_DIRECTIONS:_ Reproduce the opening lines of the records exactly, up to and including the line in which "settings RTWCC: GPUComputeCapability=3.5" occurs.

_DATA LISTING:_
──────────

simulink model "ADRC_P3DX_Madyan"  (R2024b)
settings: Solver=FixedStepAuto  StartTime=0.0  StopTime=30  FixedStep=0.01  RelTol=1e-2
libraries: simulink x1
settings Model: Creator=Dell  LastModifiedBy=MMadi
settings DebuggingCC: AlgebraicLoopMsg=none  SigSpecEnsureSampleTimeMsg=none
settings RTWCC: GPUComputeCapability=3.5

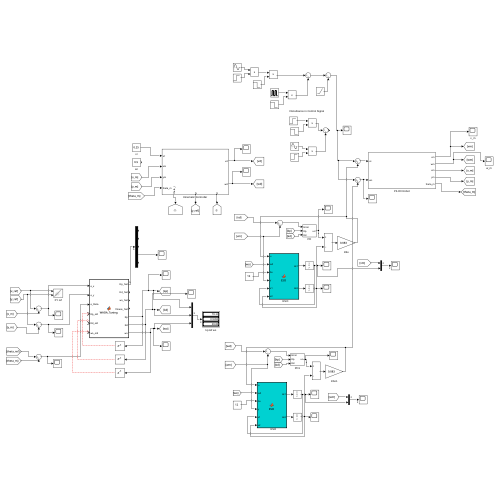
[thumbnail: Simulink's stored preview of the top-level diagram]
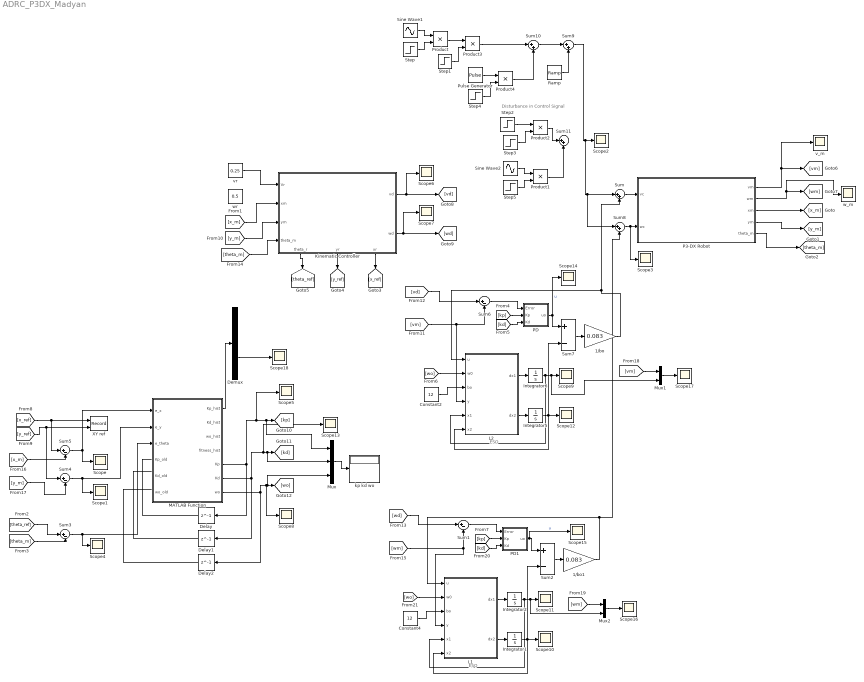
== system ADRC_P3DX_Madyan ==
  note: Disturbance in Control Signal
  note: ESO
  note: ESO
  1/bo : Gain  Gain=0.083
  1/bo1 : Gain  Gain=0.083
  Constant2 : Constant  Value=12
  Constant4 : Constant  Value=12
  Delay : Delay  DelayLength=1  InitialCondition=0
  Delay1 : Delay  DelayLength=1  InitialCondition=0
  Delay2 : Delay  DelayLength=1  InitialCondition=0
  Demux : Demux  Outputs=5
  Integrator{1..2,5..6} (4 alike) : Integrator
  Kinematic Controller : Subsystem
      settings: PortSchema="{\"entries\":[{\"content\":{\"sides\":[{\"content\":{\"connectorIds\":[\"In1\",\"In2\",\"In3\",\"In4\"]},\"type\":\"ConnectorPlacement.EquallySpacedRectSide\",\"uuid\":\"1dde3c4d-b362-4c98-bff5-173134d67a18\"},{\"content\":{\"connectorIds\":[\"Out1\",\"Out2\"],\"side\":\"RIGHT\"},\"type\":\"ConnectorPlacement.EquallySpacedRectSide\",\"uuid\":\"28a7b07a-1542-4ec6-930a-70e18e33702f\"},{\"content\":{\"side\":\"TOP\"},\"type\":\"ConnectorPlacement.EquallySpacedRectSide\",\"uuid\":\"fddfb50e-6b1f-4e7e-bd72-f809cd3d8285\"},{\"content\":{\"connectorIds\":[\"Out3\",\"Out4\",\"Out5\"],\"side\":\"BOTTOM\"},\"type\":\"ConnectorPlacement.EquallySpacedRectSide\",\"uuid\":\"0cbc9f95-9386-4a92-999a-6cc6855b0431\"}]},\"type\":\"ConnectorPlacement.EquallySpacedConnector\",\"uuid\":\"21383b85-61ab-4832-be46-2fedf08e757e\"}],\"packageUris\":[\"http://schema.mathworks.com/mf0/Connector/R2020b\"],\"version\":\"1.0\"}"
  L1 : MATLAB Function  TreatAsAtomicUnit=on
  L2 : MATLAB Function  TreatAsAtomicUnit=on
  MATLAB Function : MATLAB Function  TreatAsAtomicUnit=on
  Mux : Mux  Inputs=3
  Mux1 : Mux  Inputs=2
  Mux2 : Mux  Inputs=2
  P3-DX Robot : Subsystem
  PD : Subsystem
  PD1 : Subsystem
  Product{,1..4} (5 alike) : Product
  Pulse Generator : DiscretePulseGenerator  PulseType=Time based  Amplitude=4  Period=1  PulseWidth=35  PhaseDelay=9.7
  Ramp : simulink/Sources/Ramp  slope=1  start=25  InitialOutput=0
  Scope{,1..18} (19 alike) : Scope
  Sine Wave1 : Sin  Amplitude=4  Frequency=2  SampleTime=0
  Sine Wave2 : Sin  Amplitude=3  Frequency=2  SampleTime=0
  Step : Step  Time=3.2  SampleTime=0
  Step1 : Step  Time=15  Before=1  After=0  SampleTime=0
  Step2 : Step  Time=8  After=1.8  SampleTime=0
  Step3 : Step  Time=10  Before=1.8  After=0  SampleTime=0
  Step4 : Step  Time=23  Before=1  After=0  SampleTime=0
  Step5 : Step  Time=20  SampleTime=0
  Sum{,8..11} (5 alike) : Sum  Inputs=|++
  Sum{1,3..6} (5 alike) : Sum  Inputs=|+-
  Sum2 : Sum  Inputs=+-
  Sum7 : Sum  Inputs=+-
  XY ref : Record  FileSettingsInternal="{\"entries\":[{\"content\":{\"excelSettings\":{\"content\":{},\"type\":\"Streamout.ExcelSettings\"}},\"type\":\"Streamout.FileSettingStorage\",\"uuid\":\"\"}],\"packageUris\":[\"http:\\/\\/schema.mathworks.com\\/mf0\\/streamout_blocks\\/R2020a\"],\"version\":\"1.0\"}"  Layout=[1 1]  SignalsInternal="{\"entries\":[{\"content\":{\"signals\":[{\"content\":{\"blockPath\":[],\"dimensions\":[1],\"domain\":\"\",\"lineColor\":\"#edb120\",\"lineWidth\":2,\"port\":1,\"signalID\":1,\"signalName\":\"From8\"},\"type\":\"RecordBlkView.Signal\",\"uuid\":\"\"},{\"content\":{\"blockPath\":[],\"dimensions\":[1],\"domain\":\"\",\"lineColor\":\"#7e2f8e\",\"lineWidth\":2,\"port\":2,\"signalID\":2,\"signalName\":\"From9\"},\"type\":\"RecordBlkView.Signal\",\"uuid\":\"\"}]},\"type\":\"RecordBlkView.InputSignals\",\"uuid\":\"\"}],\"packageUris\":[\"http:\\/\\/schema.mathworks.com\\/mf0\\/streamout_blocks\\/R2020a\"],\"version\":\"1.0\"}"  VisualizationBindings="{\"xyplotplugin\":{\"info\":[{\"series\":[],\"subplotID\":1}]}}"  CompatibilityTag=XY
  kp kd wo : Display
  v_m : Scope
  vr : Constant  Value=0.25
  w_m : Scope
  wr : Constant  Value=0.5
  wires:
  [y_ref] -> Sum4/1, XY ref/2
  [x_ref] -> Sum5/1, XY ref/1
  [y_m] -> Kinematic Controller/3(ym)
  vr/1 -> Kinematic Controller/1(Vr)
  [x_m] -> Kinematic Controller/2(xm)
  [theta_m] -> Kinematic Controller/4(theta_m)
  P3-DX Robot/3(xm) -> [x_m]
  P3-DX Robot/4(ym) -> [y_m]
  P3-DX Robot/5(theta_m) -> [theta_m]
  Kinematic Controller/5(xr) -> [x_ref]
  Kinematic Controller/4(yr) -> [y_ref]
  Kinematic Controller/3(theta_r) -> [theta_ref]
  Kinematic Controller/2(wd) -> [wd], Scope7/1
  Kinematic Controller/1(vd) -> [vd], Scope6/1
  1/bo/1 -> Sum/2, L2/1(u)
  [vd] -> Sum6/1
  Integrator6/1 -> L2/5(x1), Mux1/2, Scope9/1
  Sum7/1 -> 1/bo/1
  PD/1(uo) -> Sum7/1, Scope14/1  "u"
  [vm] -> Sum6/2, L2/4(y)
  Sum6/1 -> PD/1(Error)
  Integrator5/1 -> Sum7/2, Scope12/1, L2/6(x2)
  L2/2(dx2) -> Integrator5/1
  L2/1(dx1) -> Integrator6/1
  L1/2(dx2) -> Integrator1/1
  Integrator1/1 -> Sum2/2, Scope10/1, L1/6(x2)
  [wm] -> L1/4(y), Sum1/2
  Sum1/1 -> PD1/1(Error)
  Sum2/1 -> 1/bo1/1
  Integrator2/1 -> L1/5(x1), Mux2/2, Scope11/1
  L1/1(dx1) -> Integrator2/1
  [wd] -> Sum1/1
  Constant4/1 -> L1/3(bo)
  PD1/1(uo) -> Scope15/1, Sum2/1  "u"
  1/bo1/1 -> Sum8/2, L1/1(u)
  Sum/1 -> P3-DX Robot/1(vc)
  Sum8/1 -> Scope3/1, P3-DX Robot/2(wc)
  [vm] -> Mux1/1
  Mux1/1 -> Scope17/1
  [wm] -> Mux2/1
  Mux2/1 -> Scope16/1
  Constant2/1 -> L2/3(bo)
  Sine Wave2/1 -> Product1/1
  Step5/1 -> Product1/2
  Step3/1 -> Product2/2
  Step2/1 -> Product2/1
  P3-DX Robot/1(vm) -> v_m/1, [vm]
  P3-DX Robot/2(wm) -> w_m/1, [wm]
  MATLAB Function/6(Kd) -> Scope13/1, Mux/2, [kd], Delay1/1
  MATLAB Function/7(wo) -> Scope8/1, Mux/3, [wo], Delay2/1
  MATLAB Function/5(Kp) -> Scope5/1, Mux/1, [kp], Delay/1
  [theta_ref] -> Sum3/1
  [theta_m] -> Sum3/2
  [y_m] -> Sum4/2
  [x_m] -> Sum5/2
  Sum5/1 -> Scope/1, MATLAB Function/1(e_x)
  Sum4/1 -> Scope1/1, MATLAB Function/2(e_y)
  Sum3/1 -> Scope4/1, MATLAB Function/3(e_theta)
  [kp] -> PD/2(Kp)
  [kd] -> PD/3(Kd)
  [wo] -> L2/2(w0)
  Delay/1 -> ?
  Delay1/1 -> ?
  Delay2/1 -> ?
  Mux/1 -> kp kd wo/1
  [kp] -> PD1/2(Kp)
  [kd] -> PD1/3(Kd)
  [wo] -> L1/2(w0)
  Product1/1 -> Sum11/2
  Product2/1 -> Sum11/1
  Product3/1 -> Sum10/1
  Pulse Generator/1 -> Product4/1
  Step/1 -> Product/2
  Ramp/1 -> Sum9/2
  Sum10/1 -> Sum9/1
  Product/1 -> Product3/1
  Step1/1 -> Product3/2
  Sine Wave1/1 -> Product/1
  Product4/1 -> Sum10/2
  Step4/1 -> Product4/2
  Sum9/1 -> Sum8/1, Sum/1, Scope2/1
  Demux/4 -> Scope18/1
  MATLAB Function/1(Kp_hist) -> Demux/1

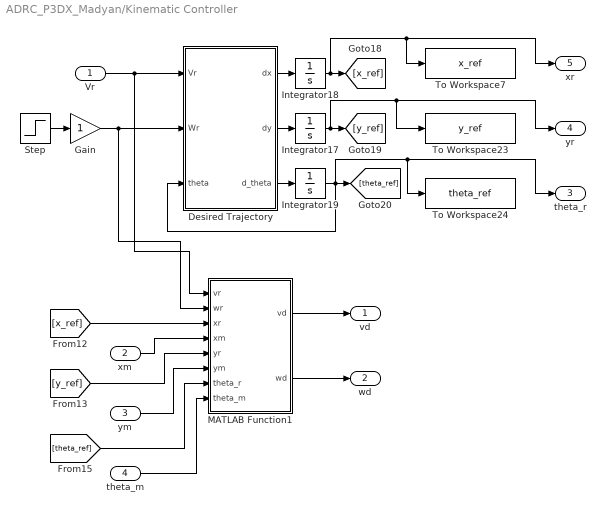
== system ADRC_P3DX_Madyan/Kinematic Controller ==
  Vr : Inport
  xm : Inport  Port=2
  ym : Inport  Port=3
  theta_m : Inport  Port=4
  " Desired Trajectory" : MATLAB Function  TreatAsAtomicUnit=on
  Gain : Gain
  Integrator17 : Integrator  InitialCondition=-0.5
  Integrator18 : Integrator
  Integrator19 : Integrator
  MATLAB Function1 : MATLAB Function  TreatAsAtomicUnit=on
  Step : Step  Time=16  Before=0.5  After=0.4  SampleTime=0
  To Workspace23 : ToWorkspace  VariableName=y_ref  SaveFormat=Timeseries  SampleTime=-1
  To Workspace24 : ToWorkspace  VariableName=theta_ref  SaveFormat=Timeseries  SampleTime=-1
  To Workspace7 : ToWorkspace  VariableName=x_ref  SaveFormat=Timeseries  SampleTime=-1
  vd : Outport
  wd : Outport  Port=2
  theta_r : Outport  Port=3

──────────

_RESULT OF THIS EXERCISE:_
simulink model "ADRC_P3DX_Madyan"  (R2024b)
settings: Solver=FixedStepAuto  StartTime=0.0  StopTime=30  FixedStep=0.01  RelTol=1e-2
libraries: simulink x1
settings Model: Creator=Dell  LastModifiedBy=MMadi
settings DebuggingCC: AlgebraicLoopMsg=none  SigSpecEnsureSampleTimeMsg=none
settings RTWCC: GPUComputeCapability=3.5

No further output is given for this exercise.